ドラゴンレンジャー/ブライ

登録日:2012/01/10 Tue 20:16:50
更新日:2023/07/10 Mon 10:44:25
所要時間:約 6 分で読めます




※推奨BGM:「恐竜戦隊ジュウレンジャー(オリジナル・カラオケ)」



秘密の森に無敵の戦士が眠るという。

その秘密を巡って、ゲキ達とバーザが戦う!

戦士は遂に蘇り、ヤマト族プリンスを名乗って変身した!

ドラゴンレンジャー・ブライ!


恐竜戦隊ジュウレンジャー!


六人目の英雄(ヒーロー)








なんて気持ちのいい風なんだ…


ブライとは、スーパー戦隊シリーズ第16作『恐竜戦隊ジュウレンジャー』の登場人物である。
本項目では彼が変身するドラゴンレンジャーについても記載する。

演:和泉史郎、酒井寿(少年時代)


スーパー戦隊シリーズにおける初の6人目の戦士、追加戦士として有名である(ジャッカー電撃隊行動隊長のビッグワンと、『光戦隊マスクマン』のゲスト戦士的存在であるX1マスクはノーカウント)。


【人物】

他の5人と同様、1億7千万年前から蘇った戦士。年齢は31歳。
ティラノレンジャー/ゲキの実兄だが、ブライが8歳の頃に赤ん坊だったゲキは王族へ養子に出されたため、ゲキはその存在を知らなかった。

彼とゲキの実の父(演:デスギラー将軍高橋利道)はヤマト族の騎士だが、後に父がヤマト族の王に反乱を起こし、返り討ちに合う。
ブライはそれをヤマト王族のせいとして、父の「お前こそが王にふさわしい」という遺言もあり、ゲキの養父、そして王家の養子となったゲキへと恨みの矛先を向ける。
眠りにつくまではノームの森に行き、ノームとその孫・良太と一緒に生活をしていた。

現代に復活してからは、「ヤマト族プリンス」を名乗り*1、バンドーラと結託してゲキの命を狙う。

俺を兄と呼ぶなッ!!

俺が父を失い、ノームの森で1人で苦しんでいる時、貴様は王子としてチヤホヤされ、何不自由ない暮らしをしていた。

そんな貴様に、俺の気持ちが分かってたまるか!!

第20話では戦隊の戦士では初めて巨大化し日食の際にグリフォーザー、ラミイスコーピオンと組んで大獣神を火山に落とし、敗北させた。

しかし、バンドーラと完全に手を組んだわけではなく、彼女の命を狙うが返り討ちにあってしまい、バンドーラパレスから追い出されてしまう。
その後、命の精霊「クロト」によって時の停止した部屋*2と獣奏剣を与えられ、同時に自身の命が残り約30時間しかないことを告げられる。

一体、どういう事なんだ?

バカな…俺の命があと30時間だと…!?

そんな事が……

そんな事が信じられると思ってんのか!!

命に限りがある事を知ったブライは自棄になり、ドラゴンシーザーを操って町を破壊する。
そこにジュウレンジャーが現れ、人々を救助しながら変身を果たす。

ブライ、お前の好きにはさせん!来い!!

ハッハッハッハ…どうやら俺と戦う気持ちになったようだな。

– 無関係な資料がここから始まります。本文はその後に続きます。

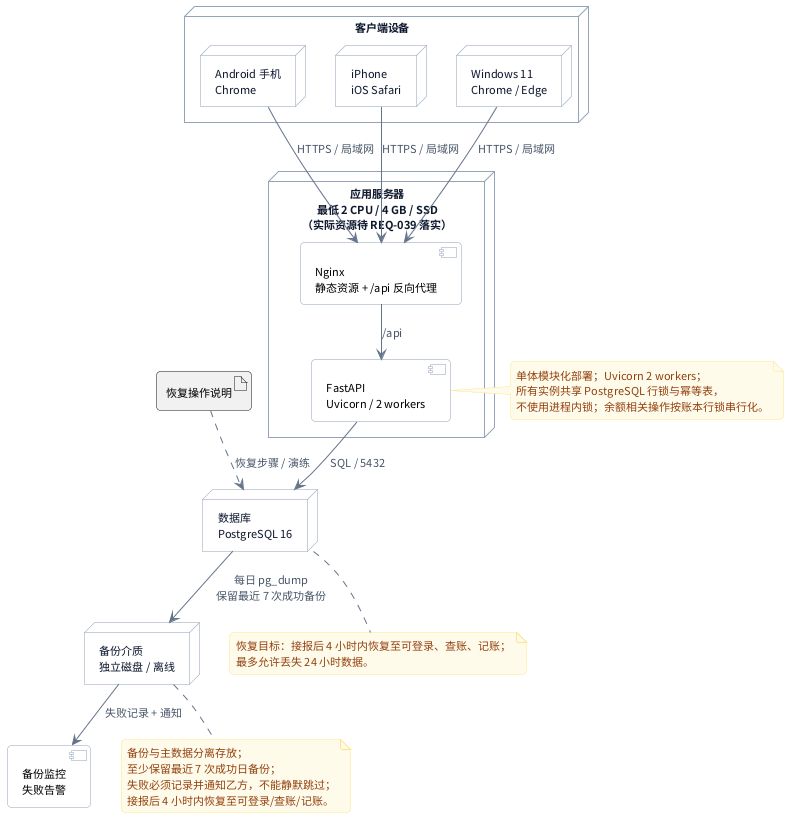

The diagram above was rendered by PlantUML. Its source (embedded in the PNG):
@startuml UML部署图
' 多人共享记账系统 - 部署图（初稿）
skinparam backgroundColor #FFFFFF
skinparam defaultFontName "Noto Sans CJK SC"
skinparam defaultFontSize 11
skinparam shadowing false
skinparam roundcorner 8
skinparam ArrowColor #64748B
skinparam ArrowFontColor #475569
skinparam nodeBorderColor #94A3B8
skinparam nodeBackgroundColor #F8FAFC
skinparam nodeFontColor #0F172A
skinparam componentBorderColor #94A3B8
skinparam componentBackgroundColor #FFFFFF
skinparam databaseBackgroundColor #ECFDF5
skinparam databaseBorderColor #86EFAC
skinparam noteBackgroundColor #FFFBEB
skinparam noteBorderColor #FDE68A
skinparam noteFontColor #92400E
skinparam nodesep 30
skinparam ranksep 38

node "客户端设备" {
  node "Android 手机\nChrome" as Android
  node "iPhone\niOS Safari" as iPhone
  node "Windows 11\nChrome / Edge" as Win
}

node "应用服务器\n最低 2 CPU / 4 GB / SSD\n（实际资源待 REQ-039 落实）" {
  component "Nginx\n静态资源 + /api 反向代理" as Nginx
  component "FastAPI\nUvicorn / 2 workers" as App
}

node "数据库\nPostgreSQL 16" as DB
node "备份介质\n独立磁盘 / 离线" as Backup
component "备份监控\n失败告警" as Monitor
artifact "恢复操作说明" as Runbook

Android --> Nginx : HTTPS / 局域网
iPhone --> Nginx : HTTPS / 局域网
Win --> Nginx : HTTPS / 局域网
Nginx --> App : /api
App --> DB : SQL / 5432
DB --> Backup : 每日 pg_dump\n保留最近 7 次成功备份
Backup --> Monitor : 失败记录 + 通知
Runbook ..> DB : 恢复步骤 / 演练

note right of App
  单体模块化部署；Uvicorn 2 workers；
  所有实例共享 PostgreSQL 行锁与幂等表，
  不使用进程内锁；余额相关操作按账本行锁串行化。
end note

note bottom of DB
  恢复目标：接报后 4 小时内恢复至可登录、查账、记账；
  最多允许丢失 24 小时数据。
end note

note bottom of Backup
  备份与主数据分离存放；
  至少保留最近 7 次成功日备份；
  失败必须记录并通知乙方，不能静默跳过；
  接报后 4 小时内恢复至可登录/查账/记账。
end note
@enduml

行くぞ!!

大獣神無きジュウレンジャーを圧倒するが、そこにバンドーラの命令を受けて出撃したグリフォーザー、ラミイスコーピオンも加わり、三つ巴の戦闘が繰り広げられる。

+ 顛末
地下のガイアトロンエネルギーで復活した5大守護獣の加勢によって形勢逆転され、遂にはゲキとの一騎打ちに敗れる。
その後に大獣神に斬るよう言われても斬ることができないどころか「兄さんの気が済むなら」と自分の命を投げうとうとするゲキの姿に己の過ちを認め、
「誰かを恨まずにはいられなかった」という胸の内を吐露してゲキの仲間になり、他のジュウレンジャーと共に名乗りポーズを披露した*3

ブライの心から悪が去った。憎しみが消えたのだ!

だがその時、ゲキには自身の命に限りがある事は告げられず、時の停止した部屋にそそくさ戻ってしまう。
以後は、弟達がピンチのときにだけ駆けつけるようになる。

その後、大サタンとサタンフランケとの戦いで大獣神とドラゴンシーザーが苦境に立たされた時に他のレンジャーと自分の部屋に投げ飛ばされる。
ここでブライの寿命と、寿命が短いのは一度は命が尽きたせいだというのが語られるのだが、命を落とした理由は封印されていた間に落盤事故があったためといういくらなんでもあんまりなもの。
さらに言うと彼を生き返らせるようにクロトに頼んだのは大獣神その人だったと明かされた(大獣神が大サタンに対抗すべく真の姿を取り戻すには6人の戦士が必要だから)。
上記の「斬れ」発言はゲキの優しさでブライが改心することを見越していたものだったのか……恐ろしい神である。

究極大獣神復活の試練において、「力の戦士」となる。

物語の終盤、ブライはある夢を見る。
人力車に乗ってどこかに運ばれていく夢だが、

なんて気持ちのいい風なんだ…。車屋さん、一体どこに行くんだい?

旦那を死の国へお連れするんですよ、ヒヒヒ……

なんだって!?止めてくれ!俺はまだ死んでないんだ!止めてくれぇぇっ!!

本格的に残り時間が無くなって来たことに対する焦りから来た悪夢であったが、このしばらく後に彼は全く同じ夢の続きを見た。
焦るブライの目に映ったのは停車場に座る少年(演:佐藤充)。なぜこんなところに子供が、と訝しむブライの内心を読み取ったかのように、骸骨の車引きが語る。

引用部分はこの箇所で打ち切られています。